[DATASET CONTENT — start]

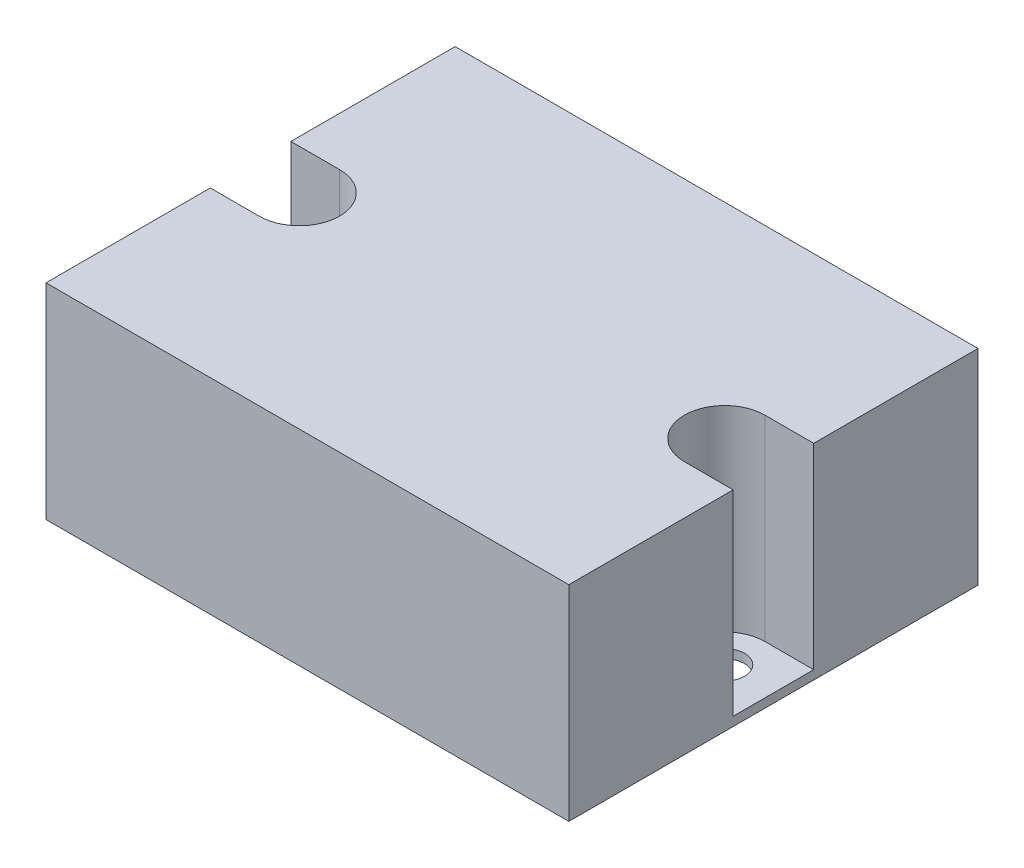
from build123d import *

# Parameters (mm, degrees)
SKETCH1_R           = 2.225
BASEPLATE_DEPTH     = 1
BOSS_EXTRUDE4_DEPTH = 21.9


with BuildPart() as part:
    # Sketch1 → BasePlate (new body)
    with BuildSketch(Plane(origin=(0, 0, 0), x_dir=(1, 0, 0), z_dir=(0, 1, 0))):
        with BuildLine():
            Line((5.45, 25.1), (0, 25.1))
            Line((0, 25.1), (0, 45.7))
            Line((0, 45.7), (58.4, 45.7))
            Line((58.4, 45.7), (58.4, 0))
            Line((58.4, 0), (0, 0))
            Line((0, 0), (0, 20.6))
            Line((0, 20.6), (5.45, 20.6))
            ThreePointArc((5.45, 20.6), (7.7, 22.85), (5.45, 25.1))
        make_face()
        with Locations((52.95, 22.85)):
            Circle(SKETCH1_R, mode=Mode.SUBTRACT)
    extrude(amount=BASEPLATE_DEPTH)

    # Sketch2 → Boss-Extrude4 (add)
    with BuildSketch(Plane(origin=(0, 1, 0), x_dir=(1, 0, 0), z_dir=(0, 1, 0))):
        with BuildLine():
            Line((52.95, 27.35), (58.4, 27.35))
            Line((58.4, 27.35), (58.4, 45.7))
            Line((58.4, 45.7), (0, 45.7))
            Line((0, 45.7), (0, 27.35))
            Line((0, 27.35), (5.45, 27.35))
            ThreePointArc((5.45, 27.35), (9.95, 22.85), (5.45, 18.35))
            Line((5.45, 18.35), (0, 18.35))
            Line((0, 18.35), (0, 0))
            Line((0, 0), (58.4, 0))
            Line((58.4, 0), (58.4, 18.35))
            Line((58.4, 18.35), (52.95, 18.35))
            ThreePointArc((52.95, 18.35), (48.45, 22.85), (52.95, 27.35))
        make_face()
    extrude(amount=BOSS_EXTRUDE4_DEPTH)


solid = part.part
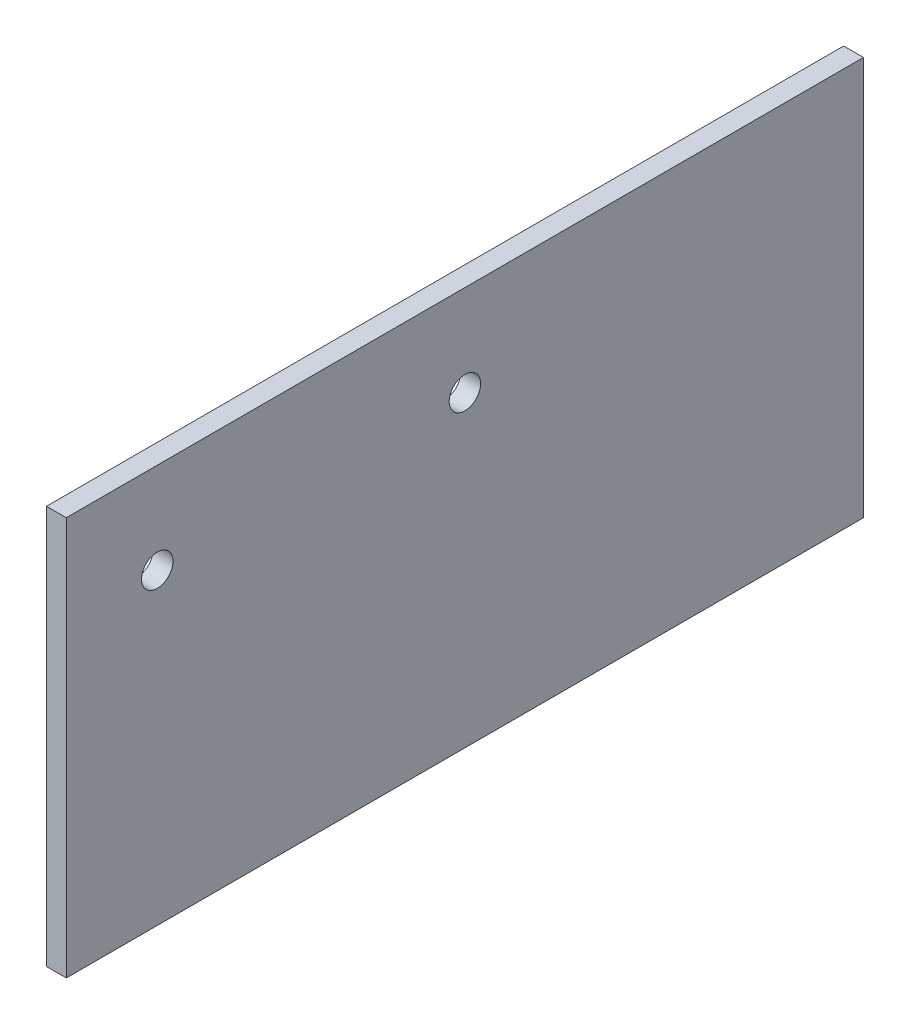
from build123d import *

# Parameters (mm, degrees)
SKETCH1_W               = 181
SKETCH1_H               = 90.5
BOSS_EXTRUDE1_DEPTH     = 2.25
SKETCH2_R               = 3.5687
CUT_EXTRUDE1_DEPTH      = 1
CUT_EXTRUDE1_DEPTH_BACK = 91.5


with BuildPart() as part:
    # Sketch1 → Boss-Extrude1 (new body, symmetric)
    with BuildSketch(Plane(origin=(0, 0, 0), x_dir=(0, 0, -1), z_dir=(1, 0, 0))):
        with Locations((0, 45.25)):
            Rectangle(SKETCH1_W, SKETCH1_H)
    extrude(amount=BOSS_EXTRUDE1_DEPTH, both=True)

    # Sketch2 → Cut-Extrude1 (cut, two sides)
    with BuildSketch(Plane(origin=(88.25, 0, 0), x_dir=(0, 0, -1), z_dir=(1, 0, 0))) as cut_extrude1_sk:
        with Locations((-69.85, 69.85)):
            Circle(SKETCH2_R)
        with Locations((0, 69.85)):
            Circle(SKETCH2_R)
    extrude(amount=CUT_EXTRUDE1_DEPTH, mode=Mode.SUBTRACT)
    extrude(cut_extrude1_sk.sketch, amount=-CUT_EXTRUDE1_DEPTH_BACK, mode=Mode.SUBTRACT)


solid = part.part

[DATASET CONTENT — finish]

> [TASK DETAILS]:
Nothing but the lines from the one containing "# Sketch2 → Boss-Extrude4 (add)" through the final line of the entries above should be given again, each exactly as written; omit the pictures.

> [SOLUTION FOR THIS PROBLEM]:
    # Sketch2 → Boss-Extrude4 (add)
    with BuildSketch(Plane(origin=(0, 1, 0), x_dir=(1, 0, 0), z_dir=(0, 1, 0))):
        with BuildLine():
            Line((52.95, 27.35), (58.4, 27.35))
            Line((58.4, 27.35), (58.4, 45.7))
            Line((58.4, 45.7), (0, 45.7))
            Line((0, 45.7), (0, 27.35))
            Line((0, 27.35), (5.45, 27.35))
            ThreePointArc((5.45, 27.35), (9.95, 22.85), (5.45, 18.35))
            Line((5.45, 18.35), (0, 18.35))
            Line((0, 18.35), (0, 0))
            Line((0, 0), (58.4, 0))
            Line((58.4, 0), (58.4, 18.35))
            Line((58.4, 18.35), (52.95, 18.35))
            ThreePointArc((52.95, 18.35), (48.45, 22.85), (52.95, 27.35))
        make_face()
    extrude(amount=BOSS_EXTRUDE4_DEPTH)


solid = part.part
from build123d import *

# Parameters (mm, degrees)
SKETCH1_W               = 181
SKETCH1_H               = 90.5
BOSS_EXTRUDE1_DEPTH     = 2.25
SKETCH2_R               = 3.5687
CUT_EXTRUDE1_DEPTH      = 1
CUT_EXTRUDE1_DEPTH_BACK = 91.5


with BuildPart() as part:
    # Sketch1 → Boss-Extrude1 (new body, symmetric)
    with BuildSketch(Plane(origin=(0, 0, 0), x_dir=(0, 0, -1), z_dir=(1, 0, 0))):
        with Locations((0, 45.25)):
            Rectangle(SKETCH1_W, SKETCH1_H)
    extrude(amount=BOSS_EXTRUDE1_DEPTH, both=True)

    # Sketch2 → Cut-Extrude1 (cut, two sides)
    with BuildSketch(Plane(origin=(88.25, 0, 0), x_dir=(0, 0, -1), z_dir=(1, 0, 0))) as cut_extrude1_sk:
        with Locations((-69.85, 69.85)):
            Circle(SKETCH2_R)
        with Locations((0, 69.85)):
            Circle(SKETCH2_R)
    extrude(amount=CUT_EXTRUDE1_DEPTH, mode=Mode.SUBTRACT)
    extrude(cut_extrude1_sk.sketch, amount=-CUT_EXTRUDE1_DEPTH_BACK, mode=Mode.SUBTRACT)


solid = part.part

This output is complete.